SUPPLIED DATA:
┌──

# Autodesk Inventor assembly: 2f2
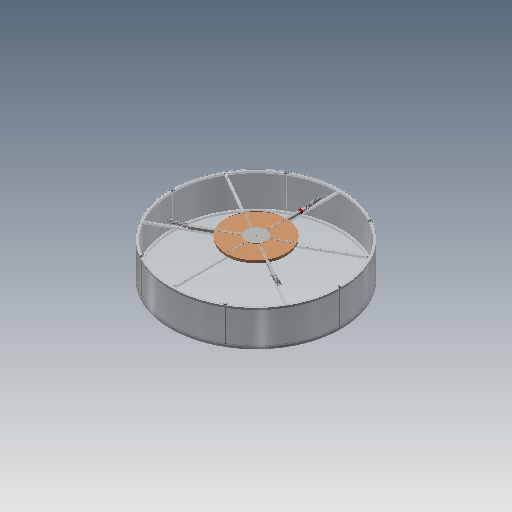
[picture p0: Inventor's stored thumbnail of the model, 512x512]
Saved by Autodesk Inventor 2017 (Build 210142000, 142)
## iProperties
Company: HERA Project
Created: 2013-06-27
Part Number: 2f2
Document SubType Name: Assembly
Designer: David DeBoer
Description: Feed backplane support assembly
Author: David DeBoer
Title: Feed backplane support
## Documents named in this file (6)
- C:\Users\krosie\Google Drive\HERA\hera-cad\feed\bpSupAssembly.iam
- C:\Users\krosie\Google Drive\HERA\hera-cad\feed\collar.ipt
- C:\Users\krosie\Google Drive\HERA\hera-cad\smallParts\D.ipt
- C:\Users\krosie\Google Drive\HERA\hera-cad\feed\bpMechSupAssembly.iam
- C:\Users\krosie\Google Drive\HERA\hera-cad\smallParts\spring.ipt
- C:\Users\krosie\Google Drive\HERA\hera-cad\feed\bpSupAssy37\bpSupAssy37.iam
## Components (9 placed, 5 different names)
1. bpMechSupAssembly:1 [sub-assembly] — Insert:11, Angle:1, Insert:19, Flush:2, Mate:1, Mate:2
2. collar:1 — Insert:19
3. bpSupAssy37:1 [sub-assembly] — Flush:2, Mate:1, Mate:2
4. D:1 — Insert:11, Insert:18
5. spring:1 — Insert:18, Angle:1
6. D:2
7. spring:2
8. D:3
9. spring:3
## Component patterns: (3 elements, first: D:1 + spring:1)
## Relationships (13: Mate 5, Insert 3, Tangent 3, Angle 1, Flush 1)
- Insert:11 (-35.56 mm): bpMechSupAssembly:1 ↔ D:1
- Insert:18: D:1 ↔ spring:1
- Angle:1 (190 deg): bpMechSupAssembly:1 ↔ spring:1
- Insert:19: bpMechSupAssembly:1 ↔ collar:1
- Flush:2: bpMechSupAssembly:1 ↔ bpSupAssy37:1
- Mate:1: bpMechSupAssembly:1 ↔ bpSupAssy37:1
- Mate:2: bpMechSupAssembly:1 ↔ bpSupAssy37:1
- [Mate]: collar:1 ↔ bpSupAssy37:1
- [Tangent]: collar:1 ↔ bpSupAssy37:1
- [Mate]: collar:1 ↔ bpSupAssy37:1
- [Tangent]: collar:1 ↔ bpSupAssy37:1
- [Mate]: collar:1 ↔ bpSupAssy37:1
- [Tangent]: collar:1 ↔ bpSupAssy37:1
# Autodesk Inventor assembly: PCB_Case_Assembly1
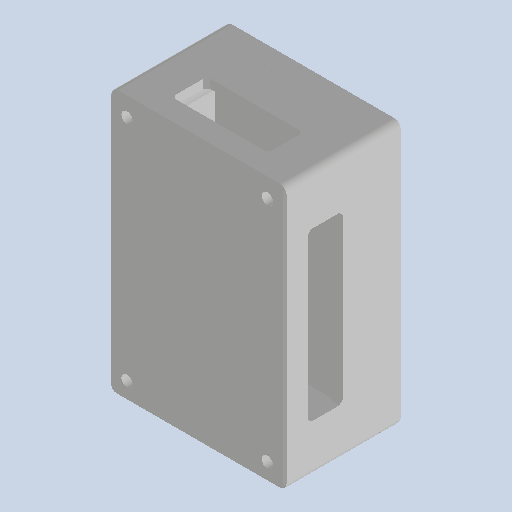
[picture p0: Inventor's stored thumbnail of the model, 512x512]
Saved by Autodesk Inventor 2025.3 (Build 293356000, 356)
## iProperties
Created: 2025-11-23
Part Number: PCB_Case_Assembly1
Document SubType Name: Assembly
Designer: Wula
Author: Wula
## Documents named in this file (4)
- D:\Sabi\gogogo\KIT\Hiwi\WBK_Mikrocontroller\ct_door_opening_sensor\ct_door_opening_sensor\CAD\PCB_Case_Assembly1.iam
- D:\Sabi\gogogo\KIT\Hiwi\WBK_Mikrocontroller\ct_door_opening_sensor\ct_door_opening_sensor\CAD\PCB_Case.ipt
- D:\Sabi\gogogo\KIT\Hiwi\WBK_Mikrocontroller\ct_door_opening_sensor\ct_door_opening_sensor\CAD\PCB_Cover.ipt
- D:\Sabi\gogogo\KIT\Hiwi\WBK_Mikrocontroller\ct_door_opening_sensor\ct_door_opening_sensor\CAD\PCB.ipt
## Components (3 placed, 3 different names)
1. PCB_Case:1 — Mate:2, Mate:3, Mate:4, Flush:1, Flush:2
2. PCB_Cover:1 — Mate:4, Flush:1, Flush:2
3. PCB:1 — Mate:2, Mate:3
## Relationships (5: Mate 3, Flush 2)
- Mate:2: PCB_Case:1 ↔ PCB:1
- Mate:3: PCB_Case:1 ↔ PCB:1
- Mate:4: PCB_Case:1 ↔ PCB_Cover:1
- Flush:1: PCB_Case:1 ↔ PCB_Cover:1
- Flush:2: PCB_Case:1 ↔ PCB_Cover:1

└──

All of the entries above are to be duplicated exactly, with every image left out.

RESPONSE TO THE EXERCISE:
# Autodesk Inventor assembly: 2f2
[picture p0: Inventor's stored thumbnail of the model, 512x512]
Saved by Autodesk Inventor 2017 (Build 210142000, 142)
## iProperties
Company: HERA Project
Created: 2013-06-27
Part Number: 2f2
Document SubType Name: Assembly
Designer: David DeBoer
Description: Feed backplane support assembly
Author: David DeBoer
Title: Feed backplane support
## Documents named in this file (6)
- C:\Users\krosie\Google Drive\HERA\hera-cad\feed\bpSupAssembly.iam
- C:\Users\krosie\Google Drive\HERA\hera-cad\feed\collar.ipt
- C:\Users\krosie\Google Drive\HERA\hera-cad\smallParts\D.ipt
- C:\Users\krosie\Google Drive\HERA\hera-cad\feed\bpMechSupAssembly.iam
- C:\Users\krosie\Google Drive\HERA\hera-cad\smallParts\spring.ipt
- C:\Users\krosie\Google Drive\HERA\hera-cad\feed\bpSupAssy37\bpSupAssy37.iam
## Components (9 placed, 5 different names)
1. bpMechSupAssembly:1 [sub-assembly] — Insert:11, Angle:1, Insert:19, Flush:2, Mate:1, Mate:2
2. collar:1 — Insert:19
3. bpSupAssy37:1 [sub-assembly] — Flush:2, Mate:1, Mate:2
4. D:1 — Insert:11, Insert:18
5. spring:1 — Insert:18, Angle:1
6. D:2
7. spring:2
8. D:3
9. spring:3
## Component patterns: (3 elements, first: D:1 + spring:1)
## Relationships (13: Mate 5, Insert 3, Tangent 3, Angle 1, Flush 1)
- Insert:11 (-35.56 mm): bpMechSupAssembly:1 ↔ D:1
- Insert:18: D:1 ↔ spring:1
- Angle:1 (190 deg): bpMechSupAssembly:1 ↔ spring:1
- Insert:19: bpMechSupAssembly:1 ↔ collar:1
- Flush:2: bpMechSupAssembly:1 ↔ bpSupAssy37:1
- Mate:1: bpMechSupAssembly:1 ↔ bpSupAssy37:1
- Mate:2: bpMechSupAssembly:1 ↔ bpSupAssy37:1
- [Mate]: collar:1 ↔ bpSupAssy37:1
- [Tangent]: collar:1 ↔ bpSupAssy37:1
- [Mate]: collar:1 ↔ bpSupAssy37:1
- [Tangent]: collar:1 ↔ bpSupAssy37:1
- [Mate]: collar:1 ↔ bpSupAssy37:1
- [Tangent]: collar:1 ↔ bpSupAssy37:1
# Autodesk Inventor assembly: PCB_Case_Assembly1
[picture p0: Inventor's stored thumbnail of the model, 512x512]
Saved by Autodesk Inventor 2025.3 (Build 293356000, 356)
## iProperties
Created: 2025-11-23
Part Number: PCB_Case_Assembly1
Document SubType Name: Assembly
Designer: Wula
Author: Wula
## Documents named in this file (4)
- D:\Sabi\gogogo\KIT\Hiwi\WBK_Mikrocontroller\ct_door_opening_sensor\ct_door_opening_sensor\CAD\PCB_Case_Assembly1.iam
- D:\Sabi\gogogo\KIT\Hiwi\WBK_Mikrocontroller\ct_door_opening_sensor\ct_door_opening_sensor\CAD\PCB_Case.ipt
- D:\Sabi\gogogo\KIT\Hiwi\WBK_Mikrocontroller\ct_door_opening_sensor\ct_door_opening_sensor\CAD\PCB_Cover.ipt
- D:\Sabi\gogogo\KIT\Hiwi\WBK_Mikrocontroller\ct_door_opening_sensor\ct_door_opening_sensor\CAD\PCB.ipt
## Components (3 placed, 3 different names)
1. PCB_Case:1 — Mate:2, Mate:3, Mate:4, Flush:1, Flush:2
2. PCB_Cover:1 — Mate:4, Flush:1, Flush:2
3. PCB:1 — Mate:2, Mate:3
## Relationships (5: Mate 3, Flush 2)
- Mate:2: PCB_Case:1 ↔ PCB:1
- Mate:3: PCB_Case:1 ↔ PCB:1
- Mate:4: PCB_Case:1 ↔ PCB_Cover:1
- Flush:1: PCB_Case:1 ↔ PCB_Cover:1
- Flush:2: PCB_Case:1 ↔ PCB_Cover:1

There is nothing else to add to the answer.